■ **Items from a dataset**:
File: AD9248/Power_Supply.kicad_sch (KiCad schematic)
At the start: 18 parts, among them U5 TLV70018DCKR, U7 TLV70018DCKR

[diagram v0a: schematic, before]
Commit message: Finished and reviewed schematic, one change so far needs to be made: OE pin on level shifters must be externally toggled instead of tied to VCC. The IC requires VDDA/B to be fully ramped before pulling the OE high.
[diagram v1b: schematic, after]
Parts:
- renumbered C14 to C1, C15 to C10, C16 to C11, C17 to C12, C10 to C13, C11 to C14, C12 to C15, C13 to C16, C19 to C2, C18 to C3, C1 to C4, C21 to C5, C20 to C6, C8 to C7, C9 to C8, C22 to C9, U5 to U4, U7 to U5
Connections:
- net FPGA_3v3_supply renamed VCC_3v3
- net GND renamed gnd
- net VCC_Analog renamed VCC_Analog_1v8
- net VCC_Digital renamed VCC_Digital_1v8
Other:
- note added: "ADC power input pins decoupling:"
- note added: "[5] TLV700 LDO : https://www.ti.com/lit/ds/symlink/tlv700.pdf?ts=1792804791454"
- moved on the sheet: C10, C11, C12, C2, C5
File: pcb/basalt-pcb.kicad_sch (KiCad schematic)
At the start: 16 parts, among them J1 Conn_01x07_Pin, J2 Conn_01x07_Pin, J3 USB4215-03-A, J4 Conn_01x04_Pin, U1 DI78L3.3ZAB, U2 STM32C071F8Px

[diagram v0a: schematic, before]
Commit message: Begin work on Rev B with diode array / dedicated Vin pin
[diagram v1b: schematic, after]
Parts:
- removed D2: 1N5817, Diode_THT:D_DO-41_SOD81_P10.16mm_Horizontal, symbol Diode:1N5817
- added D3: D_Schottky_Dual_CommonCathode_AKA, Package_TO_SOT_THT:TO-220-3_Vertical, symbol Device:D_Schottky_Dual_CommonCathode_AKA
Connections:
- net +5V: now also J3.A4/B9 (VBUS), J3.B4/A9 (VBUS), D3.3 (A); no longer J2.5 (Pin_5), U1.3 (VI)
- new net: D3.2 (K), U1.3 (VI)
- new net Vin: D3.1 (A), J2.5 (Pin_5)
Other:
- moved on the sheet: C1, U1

■ **WORK TO COMPLETE**:
The lines to copy run from the one containing "At the start: 16" through the last line above. Copy them exactly and include nothing else.

■ **TASK OUTPUT**:
At the start: 16 parts, among them J1 Conn_01x07_Pin, J2 Conn_01x07_Pin, J3 USB4215-03-A, J4 Conn_01x04_Pin, U1 DI78L3.3ZAB, U2 STM32C071F8Px

[diagram v0a: schematic, before]
Commit message: Begin work on Rev B with diode array / dedicated Vin pin
[diagram v1b: schematic, after]
Parts:
- removed D2: 1N5817, Diode_THT:D_DO-41_SOD81_P10.16mm_Horizontal, symbol Diode:1N5817
- added D3: D_Schottky_Dual_CommonCathode_AKA, Package_TO_SOT_THT:TO-220-3_Vertical, symbol Device:D_Schottky_Dual_CommonCathode_AKA
Connections:
- net +5V: now also J3.A4/B9 (VBUS), J3.B4/A9 (VBUS), D3.3 (A); no longer J2.5 (Pin_5), U1.3 (VI)
- new net: D3.2 (K), U1.3 (VI)
- new net Vin: D3.1 (A), J2.5 (Pin_5)
Other:
- moved on the sheet: C1, U1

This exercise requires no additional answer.